__Requirement__:
Tally how many lines of these entries hold the string "CENTER". Return the number alone.

(Extracted records)
########
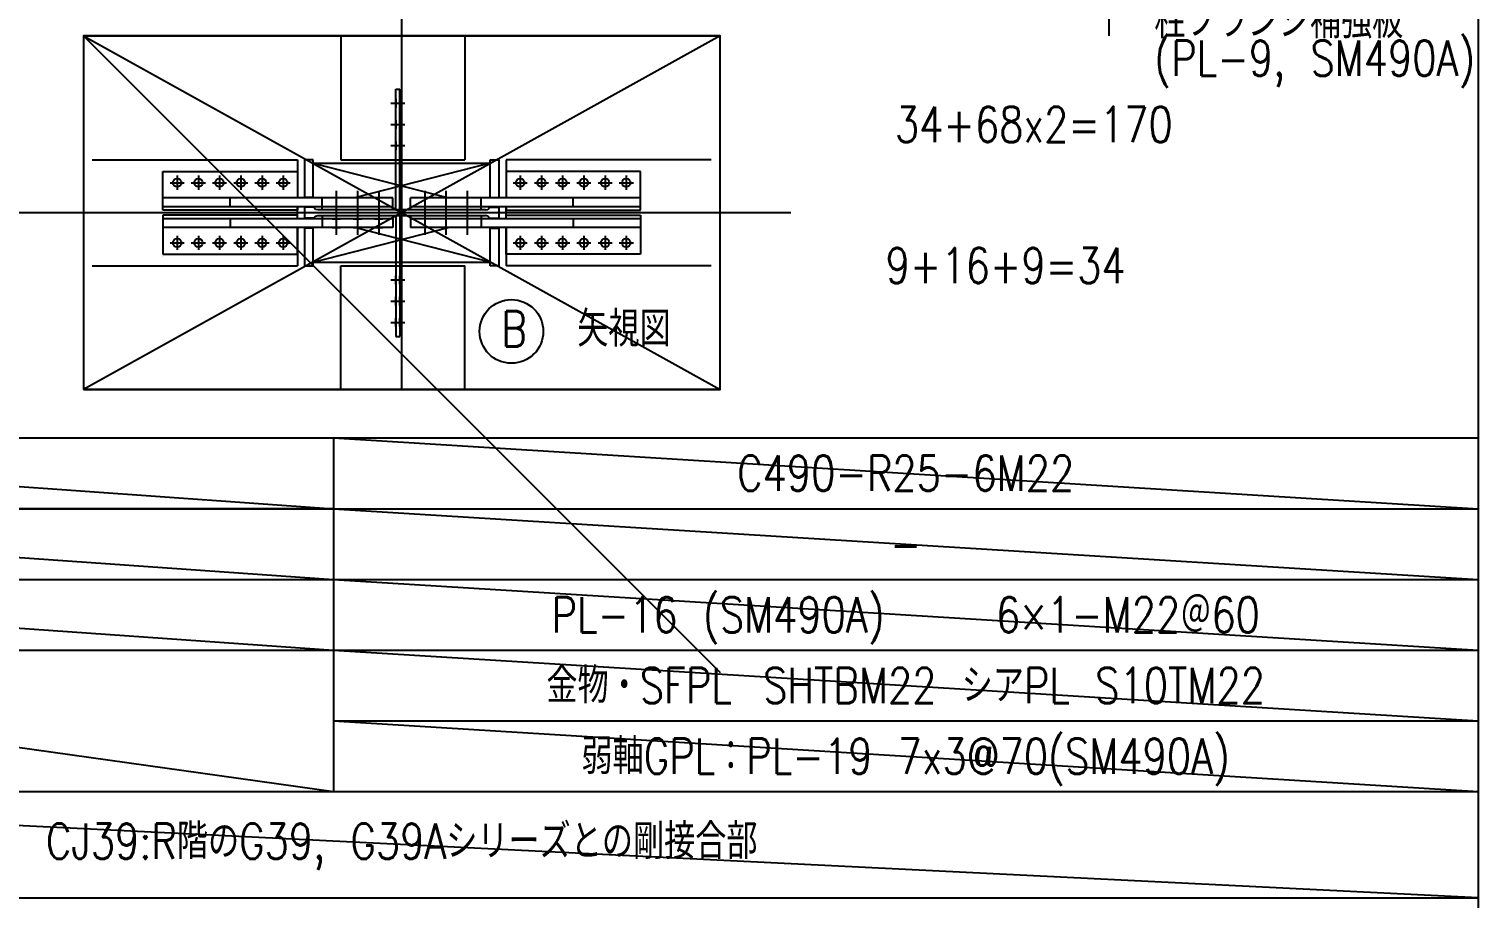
# Model space of a CAD drawing. Extents: x -668440 to 1010955, y -1678500 to 210463.
# Drawn here: x -638547 to -597578, y -767362 to -742789 of the extents above; entities that cross this region are included whole.
import ezdxf
from ezdxf.enums import TextEntityAlignment as Align

# ---------------------------------------------------------------- set-up
doc = ezdxf.new("R2010")
doc.units = 0
doc.header["$MEASUREMENT"] = 0
doc.linetypes.add('CENTER', pattern=[2, 1.25, -0.25, 0.25, -0.25])
doc.layers.get('0').update_dxf_attribs({"color": 3, "linetype": 'CONTINUOUS'})
doc.layers.get('Defpoints').update_dxf_attribs({"color": 251, "linetype": 'CONTINUOUS'})
for name, color, linetype in [('Sプレート', 1, 'CONTINUOUS'), ('Sプレート文字', 1, 'CONTINUOUS'), ('Sボルト', 2, 'CONTINUOUS'), ('S大梁', 4, 'CONTINUOUS'), ('S柱', 4, 'CONTINUOUS'), ('S金物', 6, 'CONTINUOUS'), ('注記', 3, 'CONTINUOUS'), ('通り芯', 3, 'CENTER')]:
    doc.layers.add(name, color=color, linetype=linetype)
doc.styles.add('DRACAD', font='txt', dxfattribs={"width": 0.85, "bigfont": 'extfont2'})

# ---------------------------------------------------------------- blocks, each defined once
blk = doc.blocks.new('剛接合部C1Y')
at = {"layer": 'Defpoints'}
for p, q in [((-226827.6965, -376150.73644), (-226827.6965, -393525.7562)), ((-230770.77238, -378923.33333), (-228970.77238, -380723.33333)), ((-230770.77238, -378923.33343), (-228970.77238, -379923.33343, 20)), ((-228970.77238, -378923.33333), (-230770.77228, -379923.33333, 20)), ((-228970.77238, -378923.33343), (-230770.77228, -379923.33343, 20)), ((-232913.84816, -380060), (-230063.84816, -380260)), ((-230063.84816, -380060), (-226827.69641, -380260)), ((-232913.84816, -380260), (-230063.84816, -380460)), ((-230063.84816, -380260), (-226827.69641, -380460)), ((-232913.84816, -380460), (-230063.84816, -380660)), ((-230063.84816, -380460), (-226827.69641, -380660)), ((-232913.84816, -380660), (-230063.84816, -381060)), ((-230063.84816, -380660), (-226827.69641, -380860)), ((-230063.84816, -380860), (-226827.69641, -381060)), ((-226827.69641, -381360), (-232913.84816, -381060))]:
    blk.add_line(p, q, dxfattribs=at)
at = {"layer": 'Defpoints', "elevation": 20}
for points in [[(-230770.77238, -378923.33333), (-228970.77238, -378923.33333)], [(-230770.77238, -378923.33343), (-228970.77238, -378923.33343)], [(-228970.77228, -379923.33333), (-230770.77228, -379923.33333)]]:
    blk.add_lwpolyline(points, dxfattribs=at)
blk.add_lwpolyline([(-230770.77228, -379923.33343), (-228970.77228, -379923.33343), (-228970.77228, -378923.33343), (-230770.77228, -378923.33343)], close=True, dxfattribs=at)
at = {"layer": 'Sプレート', "ltscale": 0.5}
for p, q in [((-229887.77238, -379415.33343), (-229887.77238, -379073.33343)), ((-229875.77238, -379415.33343), (-229875.77238, -379073.33343)), ((-229887.77238, -379431.33343), (-229887.77238, -379773.33343)), ((-229875.77238, -379431.33343), (-229875.77238, -379773.33343))]:
    blk.add_line(p, q, dxfattribs=at)
at = {"layer": 'Sプレート'}
for p, q in [((-229887.77238, -379073.33343), (-229875.77238, -379073.33343)), ((-230120.77238, -379283.33343), (-229620.77238, -379283.33343)), ((-230120.77238, -379563.33343), (-229620.77238, -379563.33343)), ((-229887.77238, -379773.33343), (-229875.77238, -379773.33343))]:
    blk.add_line(p, q, dxfattribs=at)
at = {"layer": 'Sプレート', "ltscale": 0.2, "transparency": 33554661}
for p, q in [((-230120.77238, -379283.33343), (-229738.35544, -379381.33343)), ((-229620.77238, -379283.33343), (-230004.67521, -379381.33343)), ((-230120.77238, -379563.33343), (-229738.35544, -379465.33343)), ((-229620.77238, -379563.33343), (-230004.67521, -379465.33343))]:
    blk.add_line(p, q, dxfattribs=at)
at = {"layer": 'Sプレート', "linetype": 'Continuous', "ltscale": 0.5}
for p, q in [((-229887.77238, -379415.33454), (-229875.77238, -379415.33454)), ((-229887.77238, -379431.33231), (-229875.77238, -379431.33231)), ((-229875.77238, -379431.3329), (-229887.77238, -379431.3329))]:
    blk.add_line(p, q, dxfattribs=at)
at = {"layer": 'Sプレート', "ltscale": 0.5, "extrusion": (1, -1.96005e-15, 0)}
for centre in [(-379113.33343, -12, -229887.77238), (-379113.33343, -12, -229887.77238), (-379113.33343, -12, -229875.77238), (-379113.33343, -12, -229875.77238), (-379173.33343, -12, -229887.77238), (-379173.33343, -12, -229887.77238), (-379173.33343, -12, -229875.77238), (-379173.33343, -12, -229875.77238), (-379233.33343, -12, -229887.77238), (-379233.33343, -12, -229887.77238), (-379233.33343, -12, -229875.77238), (-379233.33343, -12, -229875.77238)]:
    blk.add_circle(centre, 12, dxfattribs=at)
at = {"layer": 'Sプレート', "ltscale": 0.5, "extrusion": (1, 1.96005e-15, 0)}
for centre in [(-379613.33343, -12, -229887.77238), (-379613.33343, -12, -229887.77238), (-379613.33343, -12, -229875.77238), (-379613.33343, -12, -229875.77238), (-379673.33343, -12, -229887.77238), (-379673.33343, -12, -229887.77238), (-379673.33343, -12, -229875.77238), (-379673.33343, -12, -229875.77238), (-379733.33343, -12, -229887.77238), (-379733.33343, -12, -229887.77238), (-379733.33343, -12, -229875.77238), (-379733.33343, -12, -229875.77238)]:
    blk.add_circle(centre, 12, dxfattribs=at)
at = {"layer": 'Sボルト'}
for p, q in [((-229901.77238, -379113.33343, -52), (-229861.77238, -379113.33343, -52)), ((-229901.77238, -379113.33343, -52), (-229861.77238, -379113.33343, -52)), ((-229901.77238, -379173.33343, -52), (-229861.77238, -379173.33343, -52)), ((-229901.77238, -379173.33343, -52), (-229861.77238, -379173.33343, -52)), ((-229901.77238, -379233.33343, -52), (-229861.77238, -379233.33343, -52)), ((-229901.77238, -379233.33343, -52), (-229861.77238, -379233.33343, -52)), ((-230505.77238, -379318.33343, -20), (-230505.77238, -379358.33343, -20)), ((-230445.77238, -379318.33343, -20), (-230445.77238, -379358.33343, -20)), ((-230385.77238, -379318.33343, -20), (-230385.77238, -379358.33343, -20)), ((-230325.77238, -379318.33343, -20), (-230325.77238, -379358.33343, -20)), ((-230265.77238, -379318.33343, -20), (-230265.77238, -379358.33343, -20)), ((-230205.77238, -379318.33343, -20), (-230205.77238, -379358.33343, -20)), ((-229535.77238, -379318.33343, -20), (-229535.77238, -379358.33343, -20)), ((-229475.77238, -379318.33343, -20), (-229475.77238, -379358.33343, -20)), ((-229415.77238, -379318.33343, -20), (-229415.77238, -379358.33343, -20)), ((-229355.77238, -379318.33343, -20), (-229355.77238, -379358.33343, -20)), ((-229295.77238, -379318.33343, -20), (-229295.77238, -379358.33343, -20)), ((-229235.77238, -379318.33343, -20), (-229235.77238, -379358.33343, -20)), ((-230525.77238, -379338.33343, -20), (-230485.77238, -379338.33343, -20)), ((-230505.77238, -379338.33343, -20), (-230505.77238, -379338.33343, 20)), ((-230505.77238, -379338.33343, -20), (-230505.77238, -379338.33343, 20)), ((-230505.77238, -379338.33343, 20), (-230505.77238, -379338.33343, -60)), ((-230465.77238, -379338.33343, -20), (-230425.77238, -379338.33343, -20)), ((-230445.77238, -379338.33343, -20), (-230445.77238, -379338.33343, 20)), ((-230445.77238, -379338.33343, -20), (-230445.77238, -379338.33343, 20)), ((-230445.77238, -379338.33343, 20), (-230445.77238, -379338.33343, -60)), ((-230405.77238, -379338.33343, -20), (-230365.77238, -379338.33343, -20)), ((-230385.77238, -379338.33343, -20), (-230385.77238, -379338.33343, 20)), ((-230385.77238, -379338.33343, -20), (-230385.77238, -379338.33343, 20)), ((-230385.77238, -379338.33343, 20), (-230385.77238, -379338.33343, -60)), ((-230345.77238, -379338.33343, -20), (-230305.77238, -379338.33343, -20)), ((-230325.77238, -379338.33343, -20), (-230325.77238, -379338.33343, 20)), ((-230325.77238, -379338.33343, -20), (-230325.77238, -379338.33343, 20)), ((-230325.77238, -379338.33343, 20), (-230325.77238, -379338.33343, -60)), ((-230285.77238, -379338.33343, -20), (-230245.77238, -379338.33343, -20)), ((-230265.77238, -379338.33343, -20), (-230265.77238, -379338.33343, 20)), ((-230265.77238, -379338.33343, -20), (-230265.77238, -379338.33343, 20)), ((-230265.77238, -379338.33343, 20), (-230265.77238, -379338.33343, -60)), ((-230225.77238, -379338.33343, -20), (-230185.77238, -379338.33343, -20)), ((-230205.77238, -379338.33343, -20), (-230205.77238, -379338.33343, 20)), ((-230205.77238, -379338.33343, -20), (-230205.77238, -379338.33343, 20)), ((-230205.77238, -379338.33343, 20), (-230205.77238, -379338.33343, -60)), ((-230055.77238, -379361.33343), (-230055.77238, -379485.33343)), ((-229995.77238, -379361.33343), (-229995.77238, -379485.33343)), ((-229935.77238, -379361.33343), (-229935.77238, -379485.33343)), ((-229805.77238, -379361.33343), (-229805.77238, -379485.33343)), ((-229745.77238, -379361.33343), (-229745.77238, -379485.33343)), ((-229685.77238, -379361.33343), (-229685.77238, -379485.33343)), ((-229555.77238, -379338.33343, -20), (-229515.77238, -379338.33343, -20)), ((-229535.77238, -379338.33343, -20), (-229535.77238, -379338.33343, 20)), ((-229535.77238, -379338.33343, 20), (-229535.77238, -379338.33343, -60)), ((-229495.77238, -379338.33343, -20), (-229455.77238, -379338.33343, -20)), ((-229475.77238, -379338.33343, -20), (-229475.77238, -379338.33343, 20)), ((-229475.77238, -379338.33343, 20), (-229475.77238, -379338.33343, -60)), ((-229435.77238, -379338.33343, -20), (-229395.77238, -379338.33343, -20)), ((-229415.77238, -379338.33343, -20), (-229415.77238, -379338.33343, 20)), ((-229415.77238, -379338.33343, 20), (-229415.77238, -379338.33343, -60)), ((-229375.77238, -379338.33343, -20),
########
__Response to this exercise__:
2